WORK INSTRUCTION -
Which lines run from the one containing "TP7: THRM_E; TestPoint_Pad_D1.0mm" through the end of the material? Reproduce them exactly.

*** Opening SUPPLIED RECORDS ***

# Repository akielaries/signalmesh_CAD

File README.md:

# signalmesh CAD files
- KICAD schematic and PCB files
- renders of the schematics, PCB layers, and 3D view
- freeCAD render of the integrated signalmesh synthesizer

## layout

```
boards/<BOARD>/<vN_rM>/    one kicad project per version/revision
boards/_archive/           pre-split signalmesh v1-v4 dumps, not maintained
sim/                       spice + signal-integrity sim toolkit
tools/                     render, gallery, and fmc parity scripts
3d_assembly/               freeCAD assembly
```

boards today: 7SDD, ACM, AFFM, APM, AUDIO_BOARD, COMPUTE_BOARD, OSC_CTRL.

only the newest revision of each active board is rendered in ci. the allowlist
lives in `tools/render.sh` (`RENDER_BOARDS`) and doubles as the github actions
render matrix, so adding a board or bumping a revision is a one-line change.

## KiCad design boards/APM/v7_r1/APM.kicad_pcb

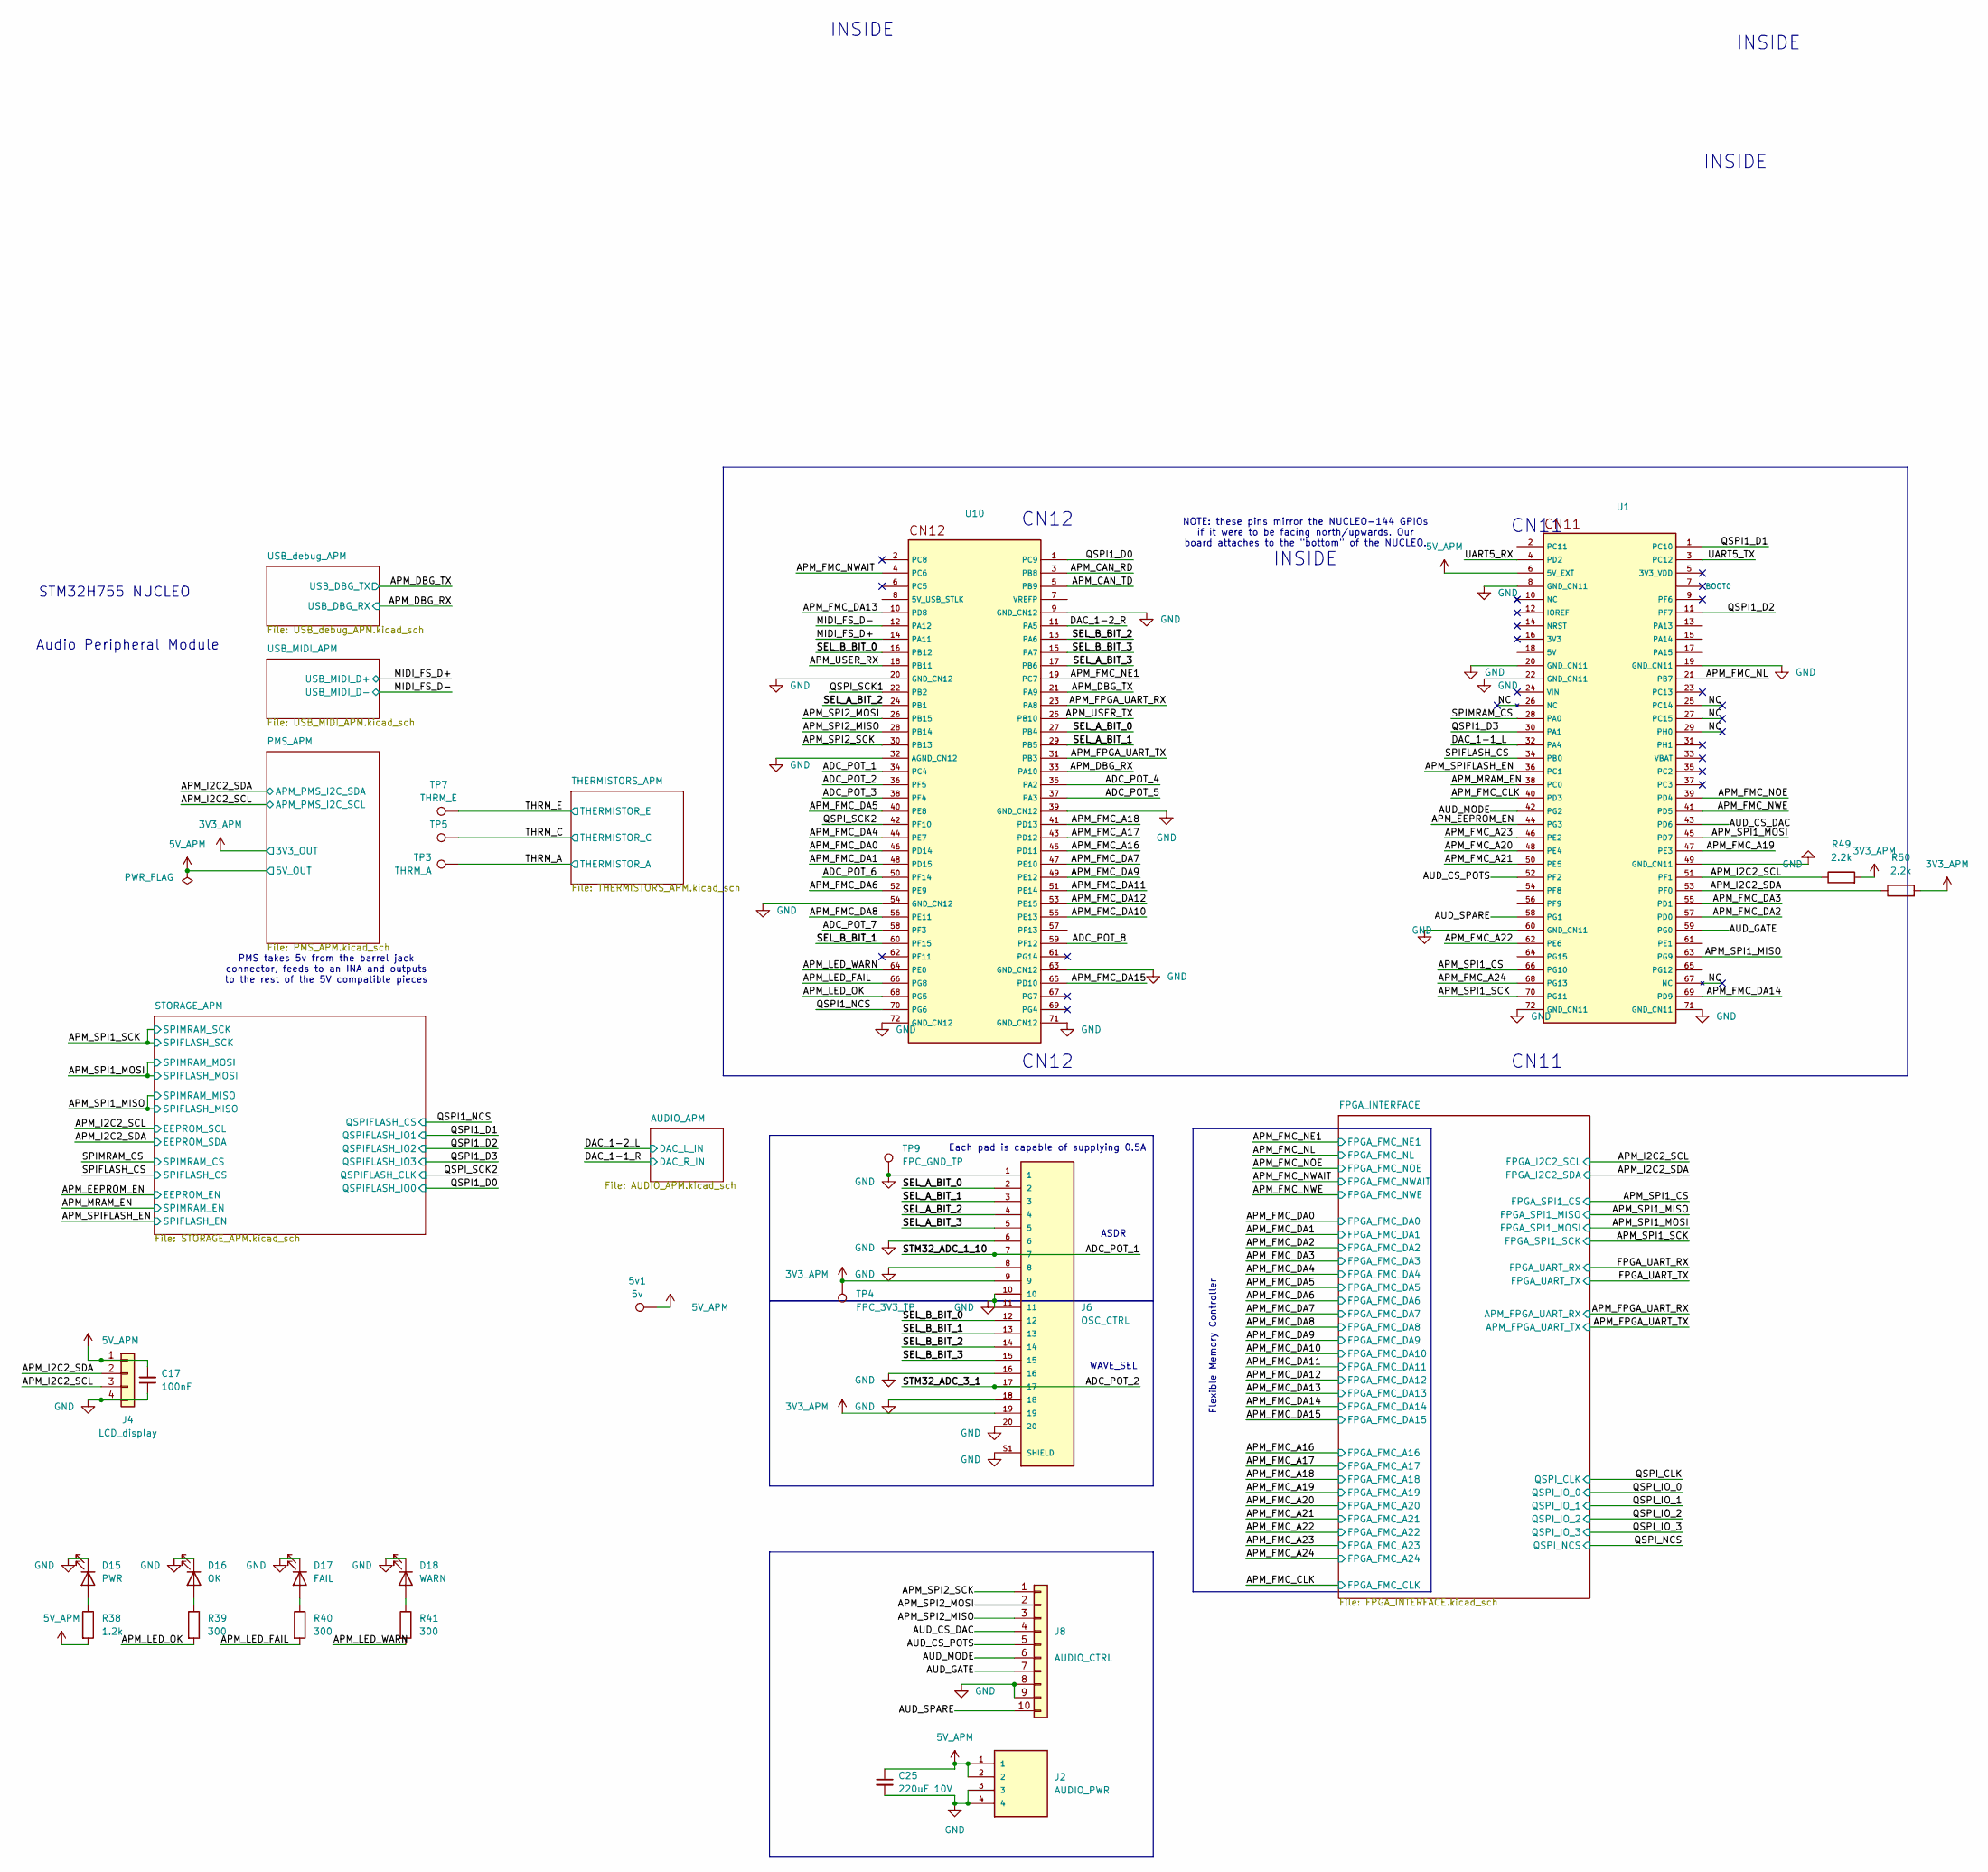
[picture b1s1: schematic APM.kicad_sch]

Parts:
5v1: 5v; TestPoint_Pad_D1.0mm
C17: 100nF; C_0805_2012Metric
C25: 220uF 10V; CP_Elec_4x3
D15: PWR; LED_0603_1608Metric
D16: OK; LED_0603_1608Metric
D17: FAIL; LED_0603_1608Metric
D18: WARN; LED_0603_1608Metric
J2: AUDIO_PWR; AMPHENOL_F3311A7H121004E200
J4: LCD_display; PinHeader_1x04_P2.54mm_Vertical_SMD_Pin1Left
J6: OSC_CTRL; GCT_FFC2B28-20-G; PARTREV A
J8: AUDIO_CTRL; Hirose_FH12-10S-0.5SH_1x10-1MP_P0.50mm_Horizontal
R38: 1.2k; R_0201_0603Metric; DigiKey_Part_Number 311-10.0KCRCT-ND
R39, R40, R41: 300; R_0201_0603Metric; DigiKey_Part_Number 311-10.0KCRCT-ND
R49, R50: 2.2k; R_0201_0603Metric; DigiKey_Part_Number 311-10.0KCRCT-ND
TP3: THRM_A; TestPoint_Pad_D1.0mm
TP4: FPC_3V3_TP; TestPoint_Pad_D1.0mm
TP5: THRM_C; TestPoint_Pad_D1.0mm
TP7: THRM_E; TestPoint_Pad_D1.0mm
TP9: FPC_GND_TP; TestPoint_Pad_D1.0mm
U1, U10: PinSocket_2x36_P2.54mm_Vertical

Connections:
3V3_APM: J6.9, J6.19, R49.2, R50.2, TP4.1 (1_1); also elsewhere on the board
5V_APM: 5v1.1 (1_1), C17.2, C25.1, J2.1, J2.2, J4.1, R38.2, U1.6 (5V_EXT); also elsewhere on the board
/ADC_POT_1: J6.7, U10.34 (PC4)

*** Closing SUPPLIED RECORDS ***

TASK RESULT -
TP7: THRM_E; TestPoint_Pad_D1.0mm
TP9: FPC_GND_TP; TestPoint_Pad_D1.0mm
U1, U10: PinSocket_2x36_P2.54mm_Vertical

Connections:
3V3_APM: J6.9, J6.19, R49.2, R50.2, TP4.1 (1_1); also elsewhere on the board
5V_APM: 5v1.1 (1_1), C17.2, C25.1, J2.1, J2.2, J4.1, R38.2, U1.6 (5V_EXT); also elsewhere on the board
/ADC_POT_1: J6.7, U10.34 (PC4)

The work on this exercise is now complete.